И. А. Ефремов «Лезвие бритвы»
Москва. Июнь 2000 г.
«Кто заказал музыку?» – подумал Макс. В противоположном углу, справа от гроба, в зале прощаний незаметно расположились четыре музыканта: флейтист, арфист, скрипач и виолончелист. Одетые во всё чёрное, с непроницаемыми лицами, казалось, они и играть стараются так, чтобы музыка еле звучала, а при не дай бог одном косом взгляде в их сторону они и вовсе испарятся вместе со своими инструментами.
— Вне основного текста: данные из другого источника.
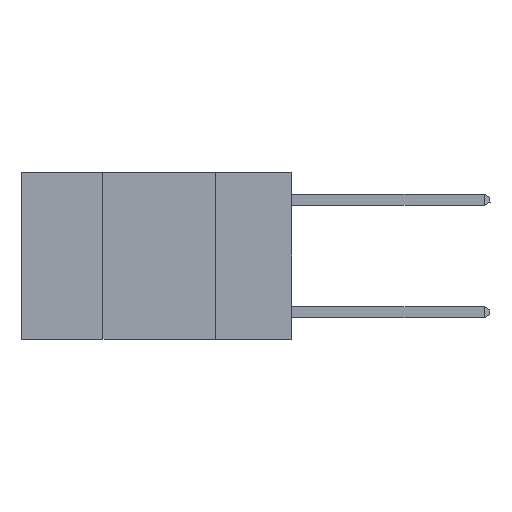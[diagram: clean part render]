
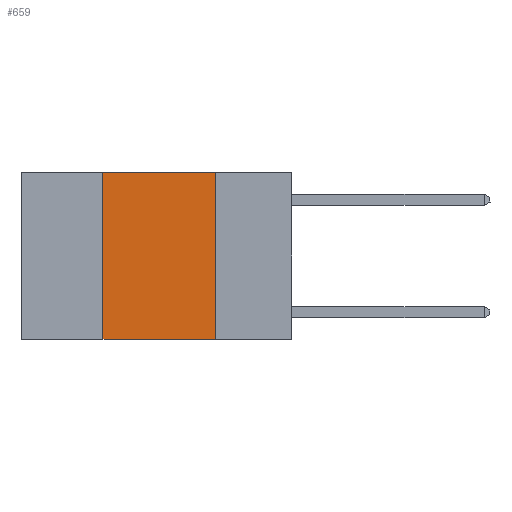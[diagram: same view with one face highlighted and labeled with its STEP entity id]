
A CAD part, left-side view. The second image highlights one B-rep face of the part: STEP entity #659.
In plain terms, the highlighted planar face has unit normal (-1, 0, 0).
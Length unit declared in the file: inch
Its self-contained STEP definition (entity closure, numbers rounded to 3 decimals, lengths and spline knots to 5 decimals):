
#45 = EDGE_LOOP ( 'NONE', ( #8960, #405, #11624, #4303 ) ) ;
#271 = VECTOR ( 'NONE', #1170, 39.37008 ) ;
#405 = ORIENTED_EDGE ( 'NONE', *, *, #2598, .F. ) ;
#479 = CARTESIAN_POINT ( 'NONE',  ( 0., 0.42, 0. ) ) ;
#531 = DIRECTION ( 'NONE',  ( 0., 0., 1. ) ) ;
#659 = ADVANCED_FACE ( 'NONE', ( #1397 ), #11835, .F. ) ;
#1170 = DIRECTION ( 'NONE',  ( 0., 0., -1. ) ) ;
#1397 = FACE_OUTER_BOUND ( 'NONE', #45, .T. ) ;
#1494 = DIRECTION ( 'NONE',  ( 0., -1., 0. ) ) ;
#1656 = CARTESIAN_POINT ( 'NONE',  ( 0., 0.6, -0.37 ) ) ;
#1747 = EDGE_CURVE ( 'NONE', #2354, #3298, #9297, .T. ) ;
#1871 = LINE ( 'NONE', #1656, #11259 ) ;
#2224 = CARTESIAN_POINT ( 'NONE',  ( 0., 0.17, -0.37 ) ) ;
#2354 = VERTEX_POINT ( 'NONE', #5978 ) ;
#2598 = EDGE_CURVE ( 'NONE', #3298, #3475, #3741, .T. ) ;
#3050 = LINE ( 'NONE', #6753, #271 ) ;
#3298 = VERTEX_POINT ( 'NONE', #8637 ) ;
#3448 = CARTESIAN_POINT ( 'NONE',  ( 0., 0.6, 0. ) ) ;
#3475 = VERTEX_POINT ( 'NONE', #5948 ) ;
#3714 = DIRECTION ( 'NONE',  ( 0., 0., -1. ) ) ;
#3741 = LINE ( 'NONE', #3955, #5592 ) ;
#3877 = DIRECTION ( 'NONE',  ( 0., -1., 0. ) ) ;
#3955 = CARTESIAN_POINT ( 'NONE',  ( 0., 0.6, 0. ) ) ;
#4303 = ORIENTED_EDGE ( 'NONE', *, *, #5254, .T. ) ;
#4455 = VECTOR ( 'NONE', #531, 39.37008 ) ;
#5254 = EDGE_CURVE ( 'NONE', #2354, #8116, #1871, .T. ) ;
#5592 = VECTOR ( 'NONE', #3877, 39.37008 ) ;
#5948 = CARTESIAN_POINT ( 'NONE',  ( 0., 0.17, 0. ) ) ;
#5978 = CARTESIAN_POINT ( 'NONE',  ( 0., 0.42, -0.37 ) ) ;
#6465 = DIRECTION ( 'NONE',  ( 1., 0., 0. ) ) ;
#6753 = CARTESIAN_POINT ( 'NONE',  ( 0., 0.17, 0. ) ) ;
#8116 = VERTEX_POINT ( 'NONE', #2224 ) ;
#8129 = EDGE_CURVE ( 'NONE', #3475, #8116, #3050, .T. ) ;
#8637 = CARTESIAN_POINT ( 'NONE',  ( 0., 0.42, 0. ) ) ;
#8960 = ORIENTED_EDGE ( 'NONE', *, *, #8129, .F. ) ;
#9297 = LINE ( 'NONE', #479, #4455 ) ;
#11003 = AXIS2_PLACEMENT_3D ( 'NONE', #3448, #6465, #3714 ) ;
#11259 = VECTOR ( 'NONE', #1494, 39.37008 ) ;
#11624 = ORIENTED_EDGE ( 'NONE', *, *, #1747, .F. ) ;
#11835 = PLANE ( 'NONE',  #11003 ) ;

– Кто заказал музыку? – Макс повернулся к Косте.
– Ты меня спрашиваешь? – Костя посмотрел заплаканными глазами на друга, ткнув себя указательным пальцем в грудь.
– А кроме нас с ними, – он кивнул в сторону музыкантов, – здесь больше не у кого спросить. Вряд ли это Алиса. Она классическую музыку при жизни не особо как-то.
– Честно говоря, не знаю. Наверное, входило в, как это правильнее сказать, в перечень услуг. Я, как ты и просил, договорился о максимально расширенной… – тут он закашлялся.
– Программе похорон, – подсказал Макс и несколько раз ударил товарища ладонью по спине.
– Ну, если так можно выразиться, – Костя наконец откашлялся. – Видимо, туда входят и услуги похоронного оркестра.
– Услуги тайской массажистки туда не входят? – Макс покрутил головой. – Шея затекла очень. Что они играют? Надеюсь, что не Джона Кейджа.
– Кого? – не понял Костя. – По-моему, это Гендель, или Гайдн, но я могу ошибаться.
– А я больше не могу. Давай, пусть финалят, где распорядитель или как его там – зови его, скажи, что мы попрощались.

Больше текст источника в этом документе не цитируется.